-- DATA TO PROCESS follows --

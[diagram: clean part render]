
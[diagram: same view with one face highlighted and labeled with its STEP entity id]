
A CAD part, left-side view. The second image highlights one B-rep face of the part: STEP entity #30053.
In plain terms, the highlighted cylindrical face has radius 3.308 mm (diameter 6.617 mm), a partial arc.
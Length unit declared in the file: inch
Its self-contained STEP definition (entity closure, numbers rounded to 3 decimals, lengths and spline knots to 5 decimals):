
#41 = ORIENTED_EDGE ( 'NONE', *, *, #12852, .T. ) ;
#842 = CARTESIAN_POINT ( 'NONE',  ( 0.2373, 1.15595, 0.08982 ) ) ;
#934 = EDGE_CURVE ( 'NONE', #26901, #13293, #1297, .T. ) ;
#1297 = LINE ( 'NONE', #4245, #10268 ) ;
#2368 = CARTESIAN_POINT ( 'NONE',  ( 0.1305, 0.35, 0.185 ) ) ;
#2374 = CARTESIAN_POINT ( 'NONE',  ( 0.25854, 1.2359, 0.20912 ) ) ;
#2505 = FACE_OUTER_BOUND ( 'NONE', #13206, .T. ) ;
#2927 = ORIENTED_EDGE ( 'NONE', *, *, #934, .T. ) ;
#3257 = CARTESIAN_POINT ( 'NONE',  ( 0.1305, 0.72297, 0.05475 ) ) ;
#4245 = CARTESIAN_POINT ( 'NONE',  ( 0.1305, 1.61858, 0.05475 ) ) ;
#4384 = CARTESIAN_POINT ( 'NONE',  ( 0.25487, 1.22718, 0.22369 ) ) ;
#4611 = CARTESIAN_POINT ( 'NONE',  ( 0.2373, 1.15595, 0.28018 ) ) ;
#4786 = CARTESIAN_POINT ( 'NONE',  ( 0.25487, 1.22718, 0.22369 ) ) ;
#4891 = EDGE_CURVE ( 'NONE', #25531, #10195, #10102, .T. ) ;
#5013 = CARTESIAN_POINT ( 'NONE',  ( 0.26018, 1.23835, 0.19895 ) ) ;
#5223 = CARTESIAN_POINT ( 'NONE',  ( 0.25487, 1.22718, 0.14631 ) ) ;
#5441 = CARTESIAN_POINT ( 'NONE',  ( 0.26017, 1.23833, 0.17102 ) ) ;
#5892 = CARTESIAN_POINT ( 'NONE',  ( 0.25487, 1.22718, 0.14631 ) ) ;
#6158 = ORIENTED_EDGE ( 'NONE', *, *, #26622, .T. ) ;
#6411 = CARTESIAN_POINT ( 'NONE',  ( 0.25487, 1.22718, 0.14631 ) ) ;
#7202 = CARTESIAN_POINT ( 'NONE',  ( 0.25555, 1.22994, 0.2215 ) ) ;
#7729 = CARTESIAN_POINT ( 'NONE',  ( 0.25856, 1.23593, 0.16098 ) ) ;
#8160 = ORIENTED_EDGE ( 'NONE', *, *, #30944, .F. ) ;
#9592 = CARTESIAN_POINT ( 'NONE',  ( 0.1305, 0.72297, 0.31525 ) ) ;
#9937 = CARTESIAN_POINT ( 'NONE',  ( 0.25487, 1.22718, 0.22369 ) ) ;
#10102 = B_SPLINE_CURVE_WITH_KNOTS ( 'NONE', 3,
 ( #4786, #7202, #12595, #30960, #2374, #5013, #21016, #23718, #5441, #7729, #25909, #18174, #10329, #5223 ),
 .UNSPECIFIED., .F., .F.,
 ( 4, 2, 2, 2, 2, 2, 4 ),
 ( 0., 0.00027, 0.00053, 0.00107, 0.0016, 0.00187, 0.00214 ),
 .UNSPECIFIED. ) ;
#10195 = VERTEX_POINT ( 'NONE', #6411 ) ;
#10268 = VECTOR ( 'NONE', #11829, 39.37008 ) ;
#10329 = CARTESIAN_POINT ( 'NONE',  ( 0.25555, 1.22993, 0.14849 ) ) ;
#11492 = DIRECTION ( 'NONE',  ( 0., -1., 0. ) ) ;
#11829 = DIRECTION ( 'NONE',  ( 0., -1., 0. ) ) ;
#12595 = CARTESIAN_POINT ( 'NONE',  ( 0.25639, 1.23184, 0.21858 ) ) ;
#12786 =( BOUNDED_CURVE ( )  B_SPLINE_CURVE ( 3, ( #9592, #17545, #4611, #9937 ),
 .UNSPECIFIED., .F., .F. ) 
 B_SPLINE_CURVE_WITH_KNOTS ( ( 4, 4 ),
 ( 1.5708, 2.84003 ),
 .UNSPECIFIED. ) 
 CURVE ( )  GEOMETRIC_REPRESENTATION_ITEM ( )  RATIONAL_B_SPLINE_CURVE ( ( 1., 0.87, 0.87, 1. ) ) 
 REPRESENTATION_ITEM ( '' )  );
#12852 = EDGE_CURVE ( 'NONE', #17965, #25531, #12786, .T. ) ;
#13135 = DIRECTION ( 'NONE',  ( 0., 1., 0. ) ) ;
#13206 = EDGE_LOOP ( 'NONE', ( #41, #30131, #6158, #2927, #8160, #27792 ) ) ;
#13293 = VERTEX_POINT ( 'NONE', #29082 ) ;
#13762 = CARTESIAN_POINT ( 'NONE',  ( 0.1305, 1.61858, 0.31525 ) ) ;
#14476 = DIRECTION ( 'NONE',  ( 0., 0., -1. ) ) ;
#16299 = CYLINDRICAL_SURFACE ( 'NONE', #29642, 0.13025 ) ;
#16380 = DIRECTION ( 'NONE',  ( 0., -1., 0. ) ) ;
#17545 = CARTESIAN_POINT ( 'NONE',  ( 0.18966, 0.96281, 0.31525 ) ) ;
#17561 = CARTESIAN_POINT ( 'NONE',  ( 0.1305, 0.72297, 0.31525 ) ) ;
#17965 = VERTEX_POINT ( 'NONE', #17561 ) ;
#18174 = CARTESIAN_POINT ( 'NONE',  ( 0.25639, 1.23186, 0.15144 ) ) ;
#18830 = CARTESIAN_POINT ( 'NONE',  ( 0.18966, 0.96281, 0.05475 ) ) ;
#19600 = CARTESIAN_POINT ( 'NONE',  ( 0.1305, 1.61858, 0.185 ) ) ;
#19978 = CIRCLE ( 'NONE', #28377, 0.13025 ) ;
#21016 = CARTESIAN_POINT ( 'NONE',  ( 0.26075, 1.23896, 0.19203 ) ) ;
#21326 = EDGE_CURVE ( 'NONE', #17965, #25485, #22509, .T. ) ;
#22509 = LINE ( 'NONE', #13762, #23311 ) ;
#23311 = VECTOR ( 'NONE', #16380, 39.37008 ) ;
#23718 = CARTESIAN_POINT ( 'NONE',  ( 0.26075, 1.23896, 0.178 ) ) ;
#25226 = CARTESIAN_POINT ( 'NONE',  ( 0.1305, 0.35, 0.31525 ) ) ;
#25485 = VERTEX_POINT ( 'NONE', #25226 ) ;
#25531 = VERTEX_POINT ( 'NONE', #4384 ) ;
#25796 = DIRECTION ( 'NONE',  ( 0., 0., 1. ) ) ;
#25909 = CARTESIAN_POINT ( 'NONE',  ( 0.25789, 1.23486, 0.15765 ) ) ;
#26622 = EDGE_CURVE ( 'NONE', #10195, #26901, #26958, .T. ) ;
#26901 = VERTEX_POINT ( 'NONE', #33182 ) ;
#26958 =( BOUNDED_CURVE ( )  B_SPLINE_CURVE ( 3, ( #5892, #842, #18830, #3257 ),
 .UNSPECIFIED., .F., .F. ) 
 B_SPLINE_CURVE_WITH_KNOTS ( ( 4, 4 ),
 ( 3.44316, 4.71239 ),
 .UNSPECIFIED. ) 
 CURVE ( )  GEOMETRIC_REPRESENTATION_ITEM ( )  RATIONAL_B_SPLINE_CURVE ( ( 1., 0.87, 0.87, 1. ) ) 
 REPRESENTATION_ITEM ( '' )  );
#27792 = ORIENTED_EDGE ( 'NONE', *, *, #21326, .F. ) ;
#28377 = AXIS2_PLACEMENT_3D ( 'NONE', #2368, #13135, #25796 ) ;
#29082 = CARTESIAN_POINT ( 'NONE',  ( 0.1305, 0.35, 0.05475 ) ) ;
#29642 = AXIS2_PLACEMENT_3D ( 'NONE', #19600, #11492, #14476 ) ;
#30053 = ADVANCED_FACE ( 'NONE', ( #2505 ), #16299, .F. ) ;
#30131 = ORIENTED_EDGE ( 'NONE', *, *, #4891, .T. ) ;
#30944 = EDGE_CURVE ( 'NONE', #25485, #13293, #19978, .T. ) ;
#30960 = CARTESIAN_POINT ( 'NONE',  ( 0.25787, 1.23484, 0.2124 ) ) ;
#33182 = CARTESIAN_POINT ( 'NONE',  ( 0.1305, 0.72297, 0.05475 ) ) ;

-- DATA TO PROCESS concluded --

The response must hold only the lines above from the line with "#6411 = CARTESIAN_POINT" through the line with "#10102 = B_SPLINE_CURVE_WITH_KNOTS", each copied exactly, both ends kept.

• **EXPECTED ANSWER**
#6411 = CARTESIAN_POINT ( 'NONE',  ( 0.25487, 1.22718, 0.14631 ) ) ;
#7202 = CARTESIAN_POINT ( 'NONE',  ( 0.25555, 1.22994, 0.2215 ) ) ;
#7729 = CARTESIAN_POINT ( 'NONE',  ( 0.25856, 1.23593, 0.16098 ) ) ;
#8160 = ORIENTED_EDGE ( 'NONE', *, *, #30944, .F. ) ;
#9592 = CARTESIAN_POINT ( 'NONE',  ( 0.1305, 0.72297, 0.31525 ) ) ;
#9937 = CARTESIAN_POINT ( 'NONE',  ( 0.25487, 1.22718, 0.22369 ) ) ;
#10102 = B_SPLINE_CURVE_WITH_KNOTS ( 'NONE', 3,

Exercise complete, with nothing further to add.